(Items from a data source)
= = =

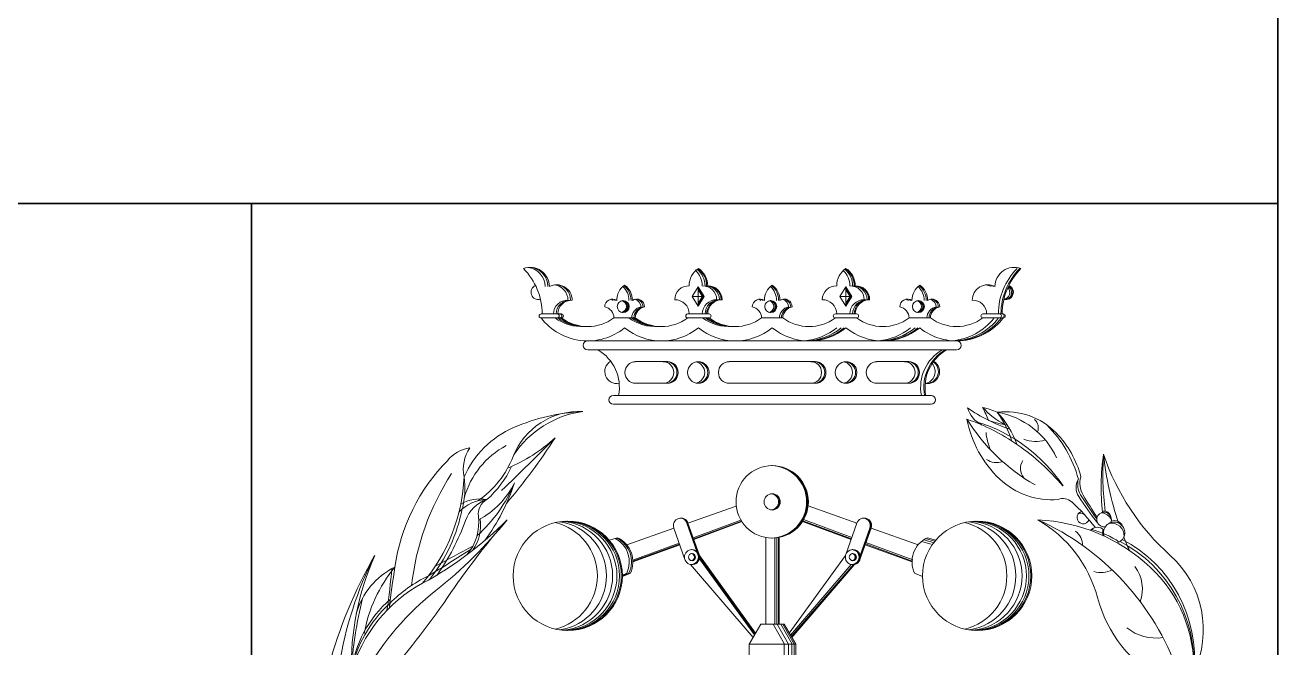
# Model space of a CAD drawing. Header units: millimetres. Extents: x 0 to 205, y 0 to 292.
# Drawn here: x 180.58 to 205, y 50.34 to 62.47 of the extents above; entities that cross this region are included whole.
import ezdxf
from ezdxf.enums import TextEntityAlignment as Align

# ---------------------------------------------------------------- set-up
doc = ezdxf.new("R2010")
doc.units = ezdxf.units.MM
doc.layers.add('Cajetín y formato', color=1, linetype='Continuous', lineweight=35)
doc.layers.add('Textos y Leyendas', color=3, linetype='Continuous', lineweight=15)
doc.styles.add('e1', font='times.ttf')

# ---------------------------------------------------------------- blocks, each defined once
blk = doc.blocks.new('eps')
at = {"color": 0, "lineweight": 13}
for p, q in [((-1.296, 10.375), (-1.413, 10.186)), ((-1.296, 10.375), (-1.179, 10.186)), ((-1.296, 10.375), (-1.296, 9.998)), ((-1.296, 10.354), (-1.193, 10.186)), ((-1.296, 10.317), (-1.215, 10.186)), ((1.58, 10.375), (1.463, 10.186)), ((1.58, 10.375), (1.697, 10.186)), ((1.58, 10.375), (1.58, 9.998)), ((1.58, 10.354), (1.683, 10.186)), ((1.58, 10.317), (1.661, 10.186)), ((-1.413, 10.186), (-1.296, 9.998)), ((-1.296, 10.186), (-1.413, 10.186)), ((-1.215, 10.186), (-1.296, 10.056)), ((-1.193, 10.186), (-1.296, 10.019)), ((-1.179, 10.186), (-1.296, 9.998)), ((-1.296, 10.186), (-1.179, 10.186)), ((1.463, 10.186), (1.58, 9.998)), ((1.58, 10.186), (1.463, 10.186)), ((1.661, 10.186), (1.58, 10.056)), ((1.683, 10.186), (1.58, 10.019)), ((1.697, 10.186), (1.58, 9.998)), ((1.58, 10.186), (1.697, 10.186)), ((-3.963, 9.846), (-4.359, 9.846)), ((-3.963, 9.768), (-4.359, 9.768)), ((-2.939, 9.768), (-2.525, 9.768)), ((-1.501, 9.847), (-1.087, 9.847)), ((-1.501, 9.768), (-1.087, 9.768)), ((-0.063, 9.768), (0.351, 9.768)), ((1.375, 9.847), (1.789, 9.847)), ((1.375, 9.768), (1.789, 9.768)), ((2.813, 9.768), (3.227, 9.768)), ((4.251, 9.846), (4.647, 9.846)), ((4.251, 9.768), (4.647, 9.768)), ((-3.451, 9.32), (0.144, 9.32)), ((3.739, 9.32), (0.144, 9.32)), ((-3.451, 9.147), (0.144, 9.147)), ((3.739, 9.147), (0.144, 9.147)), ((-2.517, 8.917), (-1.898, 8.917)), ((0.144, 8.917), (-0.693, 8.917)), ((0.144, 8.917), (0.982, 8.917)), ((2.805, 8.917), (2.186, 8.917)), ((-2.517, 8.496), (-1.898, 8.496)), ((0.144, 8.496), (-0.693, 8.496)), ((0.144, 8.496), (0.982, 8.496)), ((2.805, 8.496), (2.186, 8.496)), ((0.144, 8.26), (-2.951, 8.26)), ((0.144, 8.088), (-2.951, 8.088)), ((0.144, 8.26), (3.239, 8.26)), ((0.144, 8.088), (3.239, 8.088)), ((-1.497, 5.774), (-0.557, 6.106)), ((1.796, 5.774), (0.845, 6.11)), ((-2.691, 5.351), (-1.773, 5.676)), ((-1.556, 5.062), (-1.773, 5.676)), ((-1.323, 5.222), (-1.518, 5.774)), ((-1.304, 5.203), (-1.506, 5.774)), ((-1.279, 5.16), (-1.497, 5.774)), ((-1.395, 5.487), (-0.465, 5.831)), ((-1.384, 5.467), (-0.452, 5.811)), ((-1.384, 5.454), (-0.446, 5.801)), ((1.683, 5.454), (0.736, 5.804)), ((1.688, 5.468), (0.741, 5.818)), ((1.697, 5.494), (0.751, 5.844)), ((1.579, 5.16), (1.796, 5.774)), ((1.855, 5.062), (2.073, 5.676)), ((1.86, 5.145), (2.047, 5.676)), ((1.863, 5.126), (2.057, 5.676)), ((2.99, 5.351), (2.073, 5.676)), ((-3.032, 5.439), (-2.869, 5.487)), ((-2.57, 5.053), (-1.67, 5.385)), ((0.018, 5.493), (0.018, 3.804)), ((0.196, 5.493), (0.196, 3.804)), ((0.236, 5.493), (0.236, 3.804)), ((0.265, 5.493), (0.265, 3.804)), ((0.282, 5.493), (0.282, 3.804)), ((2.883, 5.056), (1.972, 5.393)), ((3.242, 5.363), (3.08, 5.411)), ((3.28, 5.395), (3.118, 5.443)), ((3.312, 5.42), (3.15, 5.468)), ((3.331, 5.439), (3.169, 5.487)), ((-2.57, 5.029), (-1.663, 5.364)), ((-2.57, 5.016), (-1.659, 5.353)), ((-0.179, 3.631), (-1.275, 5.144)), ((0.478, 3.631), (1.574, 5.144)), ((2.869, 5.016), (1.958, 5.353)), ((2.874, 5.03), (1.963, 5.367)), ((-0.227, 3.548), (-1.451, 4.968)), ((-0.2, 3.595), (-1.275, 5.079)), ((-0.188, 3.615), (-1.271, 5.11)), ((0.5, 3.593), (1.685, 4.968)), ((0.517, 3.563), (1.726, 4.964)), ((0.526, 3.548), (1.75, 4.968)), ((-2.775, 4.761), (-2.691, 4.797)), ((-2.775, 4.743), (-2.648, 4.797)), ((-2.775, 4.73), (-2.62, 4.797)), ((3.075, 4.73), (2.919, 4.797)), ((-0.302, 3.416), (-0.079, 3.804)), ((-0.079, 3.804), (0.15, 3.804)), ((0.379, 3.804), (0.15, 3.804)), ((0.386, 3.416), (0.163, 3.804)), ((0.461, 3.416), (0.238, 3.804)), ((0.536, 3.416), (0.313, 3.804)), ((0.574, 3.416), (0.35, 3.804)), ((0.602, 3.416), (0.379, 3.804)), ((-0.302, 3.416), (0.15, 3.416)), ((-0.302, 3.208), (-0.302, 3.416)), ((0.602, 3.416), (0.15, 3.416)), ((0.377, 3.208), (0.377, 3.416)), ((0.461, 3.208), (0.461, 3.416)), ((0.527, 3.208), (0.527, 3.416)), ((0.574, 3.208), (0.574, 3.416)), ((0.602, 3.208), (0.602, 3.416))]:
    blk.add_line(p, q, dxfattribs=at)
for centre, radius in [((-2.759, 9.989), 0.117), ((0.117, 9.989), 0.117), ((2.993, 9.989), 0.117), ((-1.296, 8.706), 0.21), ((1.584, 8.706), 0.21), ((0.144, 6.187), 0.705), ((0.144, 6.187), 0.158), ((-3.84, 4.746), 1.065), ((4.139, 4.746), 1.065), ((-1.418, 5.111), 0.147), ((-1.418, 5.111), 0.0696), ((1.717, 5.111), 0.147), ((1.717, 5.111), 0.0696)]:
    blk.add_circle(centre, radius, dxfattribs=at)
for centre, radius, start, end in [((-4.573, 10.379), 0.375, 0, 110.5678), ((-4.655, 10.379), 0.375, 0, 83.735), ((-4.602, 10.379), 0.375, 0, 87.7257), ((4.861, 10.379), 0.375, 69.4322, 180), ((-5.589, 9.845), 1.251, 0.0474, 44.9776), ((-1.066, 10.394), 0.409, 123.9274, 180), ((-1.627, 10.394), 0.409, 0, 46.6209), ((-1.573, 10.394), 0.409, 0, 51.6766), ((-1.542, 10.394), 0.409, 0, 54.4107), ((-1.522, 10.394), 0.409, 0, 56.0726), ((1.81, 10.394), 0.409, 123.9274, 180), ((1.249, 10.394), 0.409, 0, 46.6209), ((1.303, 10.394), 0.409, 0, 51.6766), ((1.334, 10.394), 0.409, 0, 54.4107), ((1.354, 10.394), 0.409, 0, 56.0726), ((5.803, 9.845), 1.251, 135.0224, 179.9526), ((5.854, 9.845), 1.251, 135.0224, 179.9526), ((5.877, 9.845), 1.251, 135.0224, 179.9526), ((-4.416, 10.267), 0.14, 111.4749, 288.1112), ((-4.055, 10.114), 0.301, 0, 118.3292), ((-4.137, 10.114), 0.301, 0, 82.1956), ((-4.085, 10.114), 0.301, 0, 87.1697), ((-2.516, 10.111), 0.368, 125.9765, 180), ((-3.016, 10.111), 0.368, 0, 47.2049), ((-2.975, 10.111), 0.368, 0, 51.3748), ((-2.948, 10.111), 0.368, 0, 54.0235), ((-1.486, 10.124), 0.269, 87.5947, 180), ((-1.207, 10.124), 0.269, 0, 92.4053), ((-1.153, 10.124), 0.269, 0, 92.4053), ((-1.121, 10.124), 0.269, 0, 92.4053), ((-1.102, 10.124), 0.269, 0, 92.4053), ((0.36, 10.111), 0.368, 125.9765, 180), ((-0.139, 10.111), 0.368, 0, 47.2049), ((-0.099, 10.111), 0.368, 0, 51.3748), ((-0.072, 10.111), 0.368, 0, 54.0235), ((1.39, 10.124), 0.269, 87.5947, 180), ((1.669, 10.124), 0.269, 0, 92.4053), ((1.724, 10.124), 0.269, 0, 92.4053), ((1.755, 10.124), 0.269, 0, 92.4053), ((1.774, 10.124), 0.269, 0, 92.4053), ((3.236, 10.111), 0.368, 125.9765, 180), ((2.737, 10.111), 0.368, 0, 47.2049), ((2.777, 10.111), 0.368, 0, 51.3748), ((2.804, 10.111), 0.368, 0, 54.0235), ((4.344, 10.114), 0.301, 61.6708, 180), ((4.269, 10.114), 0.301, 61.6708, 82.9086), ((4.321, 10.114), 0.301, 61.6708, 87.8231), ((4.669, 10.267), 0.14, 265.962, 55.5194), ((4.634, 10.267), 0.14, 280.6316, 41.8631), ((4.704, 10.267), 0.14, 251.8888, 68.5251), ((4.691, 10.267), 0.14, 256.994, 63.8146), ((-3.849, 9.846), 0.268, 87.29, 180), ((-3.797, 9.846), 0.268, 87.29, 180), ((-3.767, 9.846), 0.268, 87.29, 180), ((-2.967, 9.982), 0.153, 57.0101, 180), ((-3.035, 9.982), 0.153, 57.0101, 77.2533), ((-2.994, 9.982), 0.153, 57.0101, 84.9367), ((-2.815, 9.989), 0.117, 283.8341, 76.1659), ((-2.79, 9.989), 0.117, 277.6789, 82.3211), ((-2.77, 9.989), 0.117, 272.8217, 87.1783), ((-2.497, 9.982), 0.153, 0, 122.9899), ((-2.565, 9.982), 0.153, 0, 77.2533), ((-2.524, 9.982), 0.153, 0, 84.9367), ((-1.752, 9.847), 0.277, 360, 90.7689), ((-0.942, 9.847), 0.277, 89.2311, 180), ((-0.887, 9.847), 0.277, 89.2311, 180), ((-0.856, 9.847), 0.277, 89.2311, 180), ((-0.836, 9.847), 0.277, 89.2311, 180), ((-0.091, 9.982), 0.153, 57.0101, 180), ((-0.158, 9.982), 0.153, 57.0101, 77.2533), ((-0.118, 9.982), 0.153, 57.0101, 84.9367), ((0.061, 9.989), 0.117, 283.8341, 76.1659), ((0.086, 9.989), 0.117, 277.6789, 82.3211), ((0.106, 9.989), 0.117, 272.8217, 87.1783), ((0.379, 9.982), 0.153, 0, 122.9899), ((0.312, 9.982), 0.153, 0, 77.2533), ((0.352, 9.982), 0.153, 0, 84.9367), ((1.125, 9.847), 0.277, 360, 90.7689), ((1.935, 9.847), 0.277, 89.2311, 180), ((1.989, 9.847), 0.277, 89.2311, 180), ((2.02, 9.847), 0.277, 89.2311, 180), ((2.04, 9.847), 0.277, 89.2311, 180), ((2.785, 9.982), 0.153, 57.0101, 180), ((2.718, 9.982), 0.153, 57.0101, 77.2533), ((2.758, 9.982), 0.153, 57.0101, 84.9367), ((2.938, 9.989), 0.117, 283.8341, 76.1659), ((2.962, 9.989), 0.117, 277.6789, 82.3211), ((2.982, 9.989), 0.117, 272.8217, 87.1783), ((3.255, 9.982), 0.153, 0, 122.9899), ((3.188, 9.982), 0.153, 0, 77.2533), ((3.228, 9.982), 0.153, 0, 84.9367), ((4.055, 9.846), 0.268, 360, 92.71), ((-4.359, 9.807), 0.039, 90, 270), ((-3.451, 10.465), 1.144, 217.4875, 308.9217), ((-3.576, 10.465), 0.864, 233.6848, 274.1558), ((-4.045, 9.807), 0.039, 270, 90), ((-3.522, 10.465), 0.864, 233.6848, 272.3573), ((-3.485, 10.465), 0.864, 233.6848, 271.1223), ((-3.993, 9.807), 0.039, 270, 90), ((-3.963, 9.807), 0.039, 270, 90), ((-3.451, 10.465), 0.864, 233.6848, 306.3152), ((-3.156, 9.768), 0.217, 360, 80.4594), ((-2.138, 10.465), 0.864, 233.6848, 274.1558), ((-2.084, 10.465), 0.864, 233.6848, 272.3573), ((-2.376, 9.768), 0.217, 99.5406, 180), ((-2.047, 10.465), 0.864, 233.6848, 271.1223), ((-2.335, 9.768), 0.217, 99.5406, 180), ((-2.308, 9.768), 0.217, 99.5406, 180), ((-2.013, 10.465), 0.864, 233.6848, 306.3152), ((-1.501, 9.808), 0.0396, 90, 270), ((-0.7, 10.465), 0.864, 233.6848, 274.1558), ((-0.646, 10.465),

= = =

■ **Your task**: Search the entries for the word "ezdxf" and copy every line that holds it.

■ **Answer space**:
import ezdxf
from ezdxf.enums import TextEntityAlignment as Align
doc = ezdxf.new("R2010")
doc.units = ezdxf.units.MM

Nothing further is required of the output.